En enero, tuve la extraña experiencia de asentir con la cabeza junto con el senador Lindsey Graham, republicano de Carolina del Sur, de quien normalmente se puede confiar en que esté equivocado, mientras reprendía al supervillano Mark Zuckerberg, dirigente de la empresa matriz de Facebook, Meta, sobre el efecto que sus productos tienen en los niños. “Tienes las manos manchadas de sangre”, acusó Graham.

La alarma por lo que las redes sociales están haciendo a los niños es amplia y bipartidista.

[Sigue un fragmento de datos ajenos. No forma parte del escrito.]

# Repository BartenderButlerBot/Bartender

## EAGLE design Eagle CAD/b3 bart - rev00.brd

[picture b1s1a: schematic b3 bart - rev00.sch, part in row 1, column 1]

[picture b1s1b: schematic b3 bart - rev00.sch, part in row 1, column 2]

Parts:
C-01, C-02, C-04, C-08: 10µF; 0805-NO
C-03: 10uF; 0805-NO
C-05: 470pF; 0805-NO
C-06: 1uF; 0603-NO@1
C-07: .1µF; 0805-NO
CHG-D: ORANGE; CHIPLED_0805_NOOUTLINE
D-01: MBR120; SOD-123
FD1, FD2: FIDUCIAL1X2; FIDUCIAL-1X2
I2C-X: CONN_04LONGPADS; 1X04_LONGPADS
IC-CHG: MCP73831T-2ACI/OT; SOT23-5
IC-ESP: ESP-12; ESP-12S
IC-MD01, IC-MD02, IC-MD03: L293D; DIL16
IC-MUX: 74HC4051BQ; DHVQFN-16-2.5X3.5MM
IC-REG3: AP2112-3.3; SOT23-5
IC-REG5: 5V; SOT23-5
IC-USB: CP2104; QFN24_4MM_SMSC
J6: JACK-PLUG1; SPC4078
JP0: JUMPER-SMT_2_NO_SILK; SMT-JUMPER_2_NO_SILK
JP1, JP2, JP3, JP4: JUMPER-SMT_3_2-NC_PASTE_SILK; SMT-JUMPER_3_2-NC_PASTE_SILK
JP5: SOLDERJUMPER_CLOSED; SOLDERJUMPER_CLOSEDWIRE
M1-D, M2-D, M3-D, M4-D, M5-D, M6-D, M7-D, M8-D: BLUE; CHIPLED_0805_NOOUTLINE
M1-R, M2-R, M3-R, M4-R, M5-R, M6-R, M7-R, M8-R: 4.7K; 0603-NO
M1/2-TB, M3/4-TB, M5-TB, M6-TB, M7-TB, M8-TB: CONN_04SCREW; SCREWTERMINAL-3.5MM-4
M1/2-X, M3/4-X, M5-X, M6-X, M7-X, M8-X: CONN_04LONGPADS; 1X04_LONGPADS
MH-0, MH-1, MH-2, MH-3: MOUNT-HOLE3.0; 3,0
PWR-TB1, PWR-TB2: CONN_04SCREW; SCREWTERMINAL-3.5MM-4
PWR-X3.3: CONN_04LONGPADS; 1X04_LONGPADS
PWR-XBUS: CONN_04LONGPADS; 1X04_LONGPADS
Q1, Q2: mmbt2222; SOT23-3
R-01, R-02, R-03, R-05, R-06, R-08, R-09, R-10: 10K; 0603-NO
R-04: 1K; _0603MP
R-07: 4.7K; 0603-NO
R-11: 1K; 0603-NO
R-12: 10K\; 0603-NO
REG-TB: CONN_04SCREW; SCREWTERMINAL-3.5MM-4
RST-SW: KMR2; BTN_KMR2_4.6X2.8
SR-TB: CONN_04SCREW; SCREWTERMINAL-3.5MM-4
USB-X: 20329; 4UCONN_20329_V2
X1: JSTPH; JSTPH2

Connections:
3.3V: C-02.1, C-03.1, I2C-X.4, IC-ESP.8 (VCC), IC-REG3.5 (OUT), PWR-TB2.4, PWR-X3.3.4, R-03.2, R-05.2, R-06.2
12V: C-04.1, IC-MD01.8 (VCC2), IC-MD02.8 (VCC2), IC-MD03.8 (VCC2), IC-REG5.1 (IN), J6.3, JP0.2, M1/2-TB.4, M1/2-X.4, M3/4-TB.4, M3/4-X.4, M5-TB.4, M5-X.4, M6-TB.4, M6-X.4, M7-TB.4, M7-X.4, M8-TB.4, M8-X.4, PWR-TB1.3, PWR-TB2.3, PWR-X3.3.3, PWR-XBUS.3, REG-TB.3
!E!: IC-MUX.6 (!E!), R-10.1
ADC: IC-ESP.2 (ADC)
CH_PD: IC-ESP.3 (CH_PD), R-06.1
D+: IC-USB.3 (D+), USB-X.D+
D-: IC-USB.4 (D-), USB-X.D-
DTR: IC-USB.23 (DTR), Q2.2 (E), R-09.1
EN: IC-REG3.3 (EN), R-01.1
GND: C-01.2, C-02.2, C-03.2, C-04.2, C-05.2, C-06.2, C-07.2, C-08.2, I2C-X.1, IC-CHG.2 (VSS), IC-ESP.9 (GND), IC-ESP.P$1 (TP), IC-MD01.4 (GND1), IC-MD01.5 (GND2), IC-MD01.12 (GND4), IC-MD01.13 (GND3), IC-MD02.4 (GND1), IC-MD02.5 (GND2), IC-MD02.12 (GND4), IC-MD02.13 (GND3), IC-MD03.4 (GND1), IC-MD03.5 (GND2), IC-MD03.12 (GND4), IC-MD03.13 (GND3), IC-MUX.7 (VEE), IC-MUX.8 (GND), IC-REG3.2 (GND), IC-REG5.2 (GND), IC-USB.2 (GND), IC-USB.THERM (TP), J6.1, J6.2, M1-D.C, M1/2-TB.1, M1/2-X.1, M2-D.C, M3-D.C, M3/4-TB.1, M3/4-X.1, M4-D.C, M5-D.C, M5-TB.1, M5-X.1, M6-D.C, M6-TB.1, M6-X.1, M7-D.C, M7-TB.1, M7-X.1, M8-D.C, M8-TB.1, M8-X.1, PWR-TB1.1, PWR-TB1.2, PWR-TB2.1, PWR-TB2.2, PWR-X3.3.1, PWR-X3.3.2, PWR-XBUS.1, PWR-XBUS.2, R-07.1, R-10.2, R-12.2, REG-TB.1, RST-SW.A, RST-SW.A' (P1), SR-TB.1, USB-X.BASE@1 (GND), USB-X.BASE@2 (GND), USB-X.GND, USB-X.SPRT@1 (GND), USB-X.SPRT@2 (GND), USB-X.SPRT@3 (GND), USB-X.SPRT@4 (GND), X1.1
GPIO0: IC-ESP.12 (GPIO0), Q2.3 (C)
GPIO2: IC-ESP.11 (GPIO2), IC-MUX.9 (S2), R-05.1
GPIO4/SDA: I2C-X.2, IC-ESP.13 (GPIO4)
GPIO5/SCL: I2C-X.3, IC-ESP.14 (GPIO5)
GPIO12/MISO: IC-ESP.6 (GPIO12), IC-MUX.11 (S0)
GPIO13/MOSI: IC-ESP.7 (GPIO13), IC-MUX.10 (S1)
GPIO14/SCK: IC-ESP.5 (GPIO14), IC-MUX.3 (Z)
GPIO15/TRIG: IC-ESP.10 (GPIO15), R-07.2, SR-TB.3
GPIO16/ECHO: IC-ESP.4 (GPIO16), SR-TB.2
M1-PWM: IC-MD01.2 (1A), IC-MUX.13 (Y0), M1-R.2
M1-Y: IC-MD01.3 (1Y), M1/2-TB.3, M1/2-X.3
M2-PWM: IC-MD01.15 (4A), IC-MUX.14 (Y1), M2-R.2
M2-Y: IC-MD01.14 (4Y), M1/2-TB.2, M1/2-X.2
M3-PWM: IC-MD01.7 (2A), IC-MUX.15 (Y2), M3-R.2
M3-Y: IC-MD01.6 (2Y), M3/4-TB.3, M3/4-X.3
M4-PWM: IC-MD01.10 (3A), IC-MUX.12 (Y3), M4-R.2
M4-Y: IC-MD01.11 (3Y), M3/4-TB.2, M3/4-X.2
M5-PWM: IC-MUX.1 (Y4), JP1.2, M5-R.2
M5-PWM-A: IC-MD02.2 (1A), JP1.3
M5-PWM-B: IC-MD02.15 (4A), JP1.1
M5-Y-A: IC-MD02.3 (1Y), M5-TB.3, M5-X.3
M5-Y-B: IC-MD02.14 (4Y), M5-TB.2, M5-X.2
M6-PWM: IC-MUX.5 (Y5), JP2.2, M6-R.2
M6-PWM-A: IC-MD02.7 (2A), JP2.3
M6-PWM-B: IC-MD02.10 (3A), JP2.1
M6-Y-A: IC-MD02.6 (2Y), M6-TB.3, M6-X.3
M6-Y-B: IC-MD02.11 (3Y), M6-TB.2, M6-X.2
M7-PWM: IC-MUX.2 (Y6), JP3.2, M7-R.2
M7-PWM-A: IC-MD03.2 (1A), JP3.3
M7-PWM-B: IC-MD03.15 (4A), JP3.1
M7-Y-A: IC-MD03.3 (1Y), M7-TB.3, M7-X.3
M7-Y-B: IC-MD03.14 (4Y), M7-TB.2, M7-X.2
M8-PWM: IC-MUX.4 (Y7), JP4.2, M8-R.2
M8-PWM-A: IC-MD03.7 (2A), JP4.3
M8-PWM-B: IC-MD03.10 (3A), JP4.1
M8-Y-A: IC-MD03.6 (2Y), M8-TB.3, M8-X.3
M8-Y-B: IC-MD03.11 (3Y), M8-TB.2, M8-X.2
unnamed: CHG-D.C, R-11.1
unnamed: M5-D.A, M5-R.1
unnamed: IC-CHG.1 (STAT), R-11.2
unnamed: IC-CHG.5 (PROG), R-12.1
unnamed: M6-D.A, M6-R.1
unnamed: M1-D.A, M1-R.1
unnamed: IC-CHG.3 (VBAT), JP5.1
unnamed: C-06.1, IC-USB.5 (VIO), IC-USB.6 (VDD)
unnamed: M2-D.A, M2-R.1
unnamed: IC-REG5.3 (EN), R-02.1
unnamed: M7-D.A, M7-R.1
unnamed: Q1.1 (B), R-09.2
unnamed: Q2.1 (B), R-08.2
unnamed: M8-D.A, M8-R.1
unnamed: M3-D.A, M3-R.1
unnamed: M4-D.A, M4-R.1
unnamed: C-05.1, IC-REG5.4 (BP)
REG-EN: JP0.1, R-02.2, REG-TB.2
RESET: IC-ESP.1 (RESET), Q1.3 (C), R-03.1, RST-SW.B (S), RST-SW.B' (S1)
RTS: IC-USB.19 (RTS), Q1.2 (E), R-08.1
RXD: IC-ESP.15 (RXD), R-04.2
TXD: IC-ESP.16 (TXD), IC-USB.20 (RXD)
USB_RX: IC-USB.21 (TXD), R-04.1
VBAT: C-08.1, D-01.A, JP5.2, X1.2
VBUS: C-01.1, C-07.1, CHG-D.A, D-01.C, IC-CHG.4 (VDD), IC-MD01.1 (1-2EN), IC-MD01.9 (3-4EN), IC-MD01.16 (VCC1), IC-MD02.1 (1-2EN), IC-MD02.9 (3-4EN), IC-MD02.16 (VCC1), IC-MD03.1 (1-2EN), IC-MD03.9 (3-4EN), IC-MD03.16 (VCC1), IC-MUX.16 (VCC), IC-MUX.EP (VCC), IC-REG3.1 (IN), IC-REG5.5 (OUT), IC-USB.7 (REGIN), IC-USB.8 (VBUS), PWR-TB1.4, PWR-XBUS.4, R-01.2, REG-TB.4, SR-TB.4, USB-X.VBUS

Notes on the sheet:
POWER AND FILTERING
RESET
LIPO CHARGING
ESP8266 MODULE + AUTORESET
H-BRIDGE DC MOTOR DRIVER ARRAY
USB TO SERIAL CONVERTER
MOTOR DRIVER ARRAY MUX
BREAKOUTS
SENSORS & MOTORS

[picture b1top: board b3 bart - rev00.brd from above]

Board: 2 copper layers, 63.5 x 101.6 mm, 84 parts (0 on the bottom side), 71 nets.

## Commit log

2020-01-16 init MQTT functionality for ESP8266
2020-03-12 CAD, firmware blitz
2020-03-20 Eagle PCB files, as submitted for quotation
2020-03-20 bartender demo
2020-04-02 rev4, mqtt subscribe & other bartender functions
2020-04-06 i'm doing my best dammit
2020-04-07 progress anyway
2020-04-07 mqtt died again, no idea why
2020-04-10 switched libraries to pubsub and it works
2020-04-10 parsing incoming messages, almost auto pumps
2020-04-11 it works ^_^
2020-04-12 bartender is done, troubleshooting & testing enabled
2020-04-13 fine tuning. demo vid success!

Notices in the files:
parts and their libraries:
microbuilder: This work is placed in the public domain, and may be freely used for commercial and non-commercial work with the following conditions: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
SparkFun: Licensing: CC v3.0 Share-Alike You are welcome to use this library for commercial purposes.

Esa noche, moderé un panel sobre la regulación de las redes sociales entre cuyos participantes se encontraba la fiscal general de Nueva York, Letitia James, una combatiente progresista y quizá la antagonista más eficaz de Donald Trump. Su postura no era muy diferente de la de Graham. Hay una correlación, señaló, entre la proliferación de algoritmos adictivos en las redes sociales y el colapso de la salud mental de los jóvenes, incluidos los crecientes índices de depresión, pensamientos suicidas y autolesiones.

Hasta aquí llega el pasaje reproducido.